• WHAT NEEDS TO BE DONE:
From the data that follows, copy every line holding the string "Edge".

RAW DATA below:

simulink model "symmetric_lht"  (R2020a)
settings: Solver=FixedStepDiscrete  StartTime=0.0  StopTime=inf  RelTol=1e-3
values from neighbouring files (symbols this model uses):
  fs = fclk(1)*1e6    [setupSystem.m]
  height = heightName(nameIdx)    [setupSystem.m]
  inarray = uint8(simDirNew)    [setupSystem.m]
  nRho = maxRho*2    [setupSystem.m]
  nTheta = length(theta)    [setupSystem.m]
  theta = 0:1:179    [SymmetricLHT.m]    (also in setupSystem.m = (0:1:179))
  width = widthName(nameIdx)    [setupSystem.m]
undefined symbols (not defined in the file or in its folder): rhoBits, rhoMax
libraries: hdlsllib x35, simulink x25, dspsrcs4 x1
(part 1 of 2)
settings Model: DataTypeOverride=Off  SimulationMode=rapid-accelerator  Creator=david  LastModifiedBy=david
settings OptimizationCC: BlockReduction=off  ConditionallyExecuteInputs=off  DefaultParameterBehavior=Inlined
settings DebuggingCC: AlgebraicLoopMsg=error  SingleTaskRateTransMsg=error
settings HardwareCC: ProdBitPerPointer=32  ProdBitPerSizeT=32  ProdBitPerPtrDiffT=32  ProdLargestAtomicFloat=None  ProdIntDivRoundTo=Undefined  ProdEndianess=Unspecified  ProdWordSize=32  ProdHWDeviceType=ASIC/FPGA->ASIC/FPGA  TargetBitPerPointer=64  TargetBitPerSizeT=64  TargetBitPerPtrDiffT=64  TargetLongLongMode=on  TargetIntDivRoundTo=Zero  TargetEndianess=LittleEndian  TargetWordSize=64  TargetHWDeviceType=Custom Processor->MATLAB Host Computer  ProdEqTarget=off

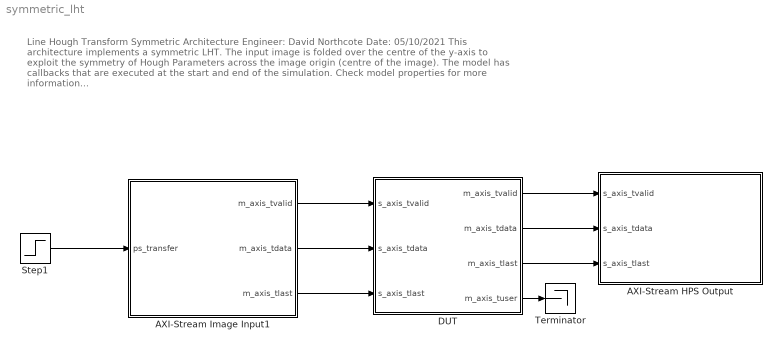
== system symmetric_lht ==
  note: Line Hough Transform Symmetric Architecture
      |
      | Engineer: David Northcote
      | Date: 05/10/2021
      |
      | This architecture implements a symmetric LHT. The input image is folded over the centre of the y-axis to exploit the symmetry of Hough Parameters across the image origin (centre of the image).
      | The model has callbacks that are executed at the start and end of the simulation. Check model properties for more information...
  AXI-Stream HPS Output : Subsystem  mask{height=nRho, width=nTheta, clk=1/fs, d=0}
      mask prompts: height "Image Height:"; width "Image Width:"; clk "Clock Rate:"; d "Frame Capture Number"
      mask DialogControl DescGroupVar Prompt: AXI-Stream Image Output
      mask DialogControl DescTextVar Prompt: Image output using the AXI-Stream interface. Simulates an AXI DMA write channel.
      mask DialogControl ParameterGroupVar Prompt: Main
  AXI-Stream Image Input1 : Subsystem  mask{image=inarray, clk=1/fs}
      mask prompts: image "Input Image:"; clk "Clock Rate:"
      mask init:
      | [height, width] = size(image);
      mask DialogControl DescGroupVar Prompt: AXI-Stream Image Input
      mask DialogControl DescTextVar Prompt: This block simulates an AXI-Stream image input for interfacing to a hardware accelerator or IP Core.
      mask DialogControl ParameterGroupVar Prompt: Main
  DUT : Subsystem  TreatAsAtomicUnit=on
  Step1 : Step  Time=2/150e6  SampleTime=1/fs
  Terminator : Terminator
  wires:
  AXI-Stream Image Input1/1(m_axis_tvalid) -> DUT/1(s_axis_tvalid)
  AXI-Stream Image Input1/2(m_axis_tdata) -> DUT/2(s_axis_tdata)
  AXI-Stream Image Input1/3(m_axis_tlast) -> DUT/3(s_axis_tlast)
  Step1/1 -> AXI-Stream Image Input1/1(ps_transfer)
  DUT/1(m_axis_tvalid) -> AXI-Stream HPS Output/1(s_axis_tvalid)
  DUT/2(m_axis_tdata) -> AXI-Stream HPS Output/2(s_axis_tdata)
  DUT/3(m_axis_tlast) -> AXI-Stream HPS Output/3(s_axis_tlast)
  DUT/4(m_axis_tuser) -> Terminator/1

== system symmetric_lht/AXI-Stream HPS Output ==
  s_axis_tvalid : Inport
  s_axis_tdata : Inport  Port=2
  s_axis_tlast : Inport  Port=3
  Delay : Delay  DelayLength=200
  Delay1 : Delay  DelayLength=d  ShowEnablePort=on
      settings: InputPortMap=u0,e6
  Pixel to Workspace : Subsystem
  Stop Simulation2 : Stop
  wires:
  s_axis_tvalid/1 -> Pixel to Workspace/Enable
  s_axis_tdata/1 -> Pixel to Workspace/1(Pixel In)
  s_axis_tlast/1 -> Delay1/2, Delay1/1
  Delay1/1 -> Delay/1
  Delay/1 -> Stop Simulation2/1

== system symmetric_lht/AXI-Stream Image Input1 ==
  ps_transfer : Inport
  Compare To Constant : simulink/Logic and Bit Operations/Compare To Constant  relop===  const=height*width-1  OutDataTypeStr=boolean
  Constant : Constant  OutDataTypeStr=boolean  SampleTime=-1
  Data Type Conversion : DataTypeConversion  OutDataTypeStr=uint32
  HDL Counter : hdlsllib/Sources/HDL Counter  CountType=Free running  CountInit=0  CountStep=1  CountMax=width*height-1  CountFromType=Initial value  CountFrom=0  CountResetPort=on  CountLoadPort=off  CountEnbPort=on  CountDirPort=off  CountDataType=Unsigned  CountWordLen=32  CountFracLen=0  CountSampTime=1
  Multiport Switch : MultiPortSwitch  DataPortOrder=Zero-based contiguous  Inputs=2  zeroidx=on
  Rising Edge Detector : Subsystem
  Synchronous Image Source : Subsystem
  Unit Delay Resettable Synchronous : hdlsllib/Discrete/Unit Delay Resettable Synchronous  InitialCondition=0.0  SampleTime=-1
      settings: SourceProductBaseCode=SL
  m_axis_tvalid : Outport
  m_axis_tdata : Outport  Port=2
  m_axis_tlast : Outport  Port=3
  wires:
  HDL Counter/1 -> Compare To Constant/1
  Synchronous Image Source/1(Pixel) -> Data Type Conversion/1
  Multiport Switch/1 -> Unit Delay Resettable Synchronous/1, HDL Counter/2, Synchronous Image Source/Enable, m_axis_tvalid/1
  Compare To Constant/1 -> Unit Delay Resettable Synchronous/2, HDL Counter/1, m_axis_tlast/1
  Data Type Conversion/1 -> m_axis_tdata/1
  ps_transfer/1 -> Rising Edge Detector/1(Input)
  Unit Delay Resettable Synchronous/1 -> Multiport Switch/2
  Rising Edge Detector/1(Output) -> Multiport Switch/1
  Constant/1 -> Multiport Switch/3

== system symmetric_lht/DUT ==
  s_axis_tvalid : Inport
  s_axis_tdata : Inport  Port=2
  s_axis_tlast : Inport  Port=3
  Symmetric Hough Accumulator : Subsystem
  Symmetric Hough Kernel : Subsystem
  m_axis_tvalid : Outport
  m_axis_tdata : Outport  Port=2
  m_axis_tlast : Outport  Port=3
  m_axis_tuser : Outport  Port=4
  wires:
  Symmetric Hough Kernel/5(EoF Out) -> Symmetric Hough Accumulator/5(EoF In)
  Symmetric Hough Kernel/6(SoF Out) -> Symmetric Hough Accumulator/6(SoF In)
  Symmetric Hough Kernel/3(Valid Out) -> Symmetric Hough Accumulator/3(Valid In)
  Symmetric Hough Kernel/2(Edge Out A) -> Symmetric Hough Accumulator/2(Edge In A)
  Symmetric Hough Kernel/4(Hough Parameters) -> Symmetric Hough Accumulator/4(HP In)
  Symmetric Hough Kernel/1(Edge Out B) -> Symmetric Hough Accumulator/1(Edge In B)
  s_axis_tvalid/1 -> Symmetric Hough Kernel/1(Valid In)
  s_axis_tdata/1 -> Symmetric Hough Kernel/2(Edge In)
  s_axis_tlast/1 -> Symmetric Hough Kernel/3(EoF In)
  Symmetric Hough Accumulator/1(Valid Out) -> m_axis_tvalid/1
  Symmetric Hough Accumulator/2(HP Out) -> m_axis_tdata/1
  Symmetric Hough Accumulator/3(EoF Out) -> m_axis_tlast/1
  Symmetric Hough Accumulator/4(SoF Out) -> m_axis_tuser/1

== system symmetric_lht/AXI-Stream HPS Output/Pixel to Workspace ==
  Pixel In : Inport
  Enable : EnablePort
  To Workspace : ToWorkspace  VariableName=simout  SampleTime=-1
      settings: MaxDataPoints=height*width  Save2DSignal=2-D array (concatenate along first dimension)
  wires:
  Pixel In/1 -> To Workspace/1

== system symmetric_lht/AXI-Stream Image Input1/Rising Edge Detector ==
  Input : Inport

End of RAW DATA.

• EXERCISE RESULT:
  Rising Edge Detector : Subsystem
  ps_transfer/1 -> Rising Edge Detector/1(Input)
  Rising Edge Detector/1(Output) -> Multiport Switch/1
  Symmetric Hough Kernel/2(Edge Out A) -> Symmetric Hough Accumulator/2(Edge In A)
  Symmetric Hough Kernel/1(Edge Out B) -> Symmetric Hough Accumulator/1(Edge In B)
  s_axis_tdata/1 -> Symmetric Hough Kernel/2(Edge In)
== system symmetric_lht/AXI-Stream Image Input1/Rising Edge Detector ==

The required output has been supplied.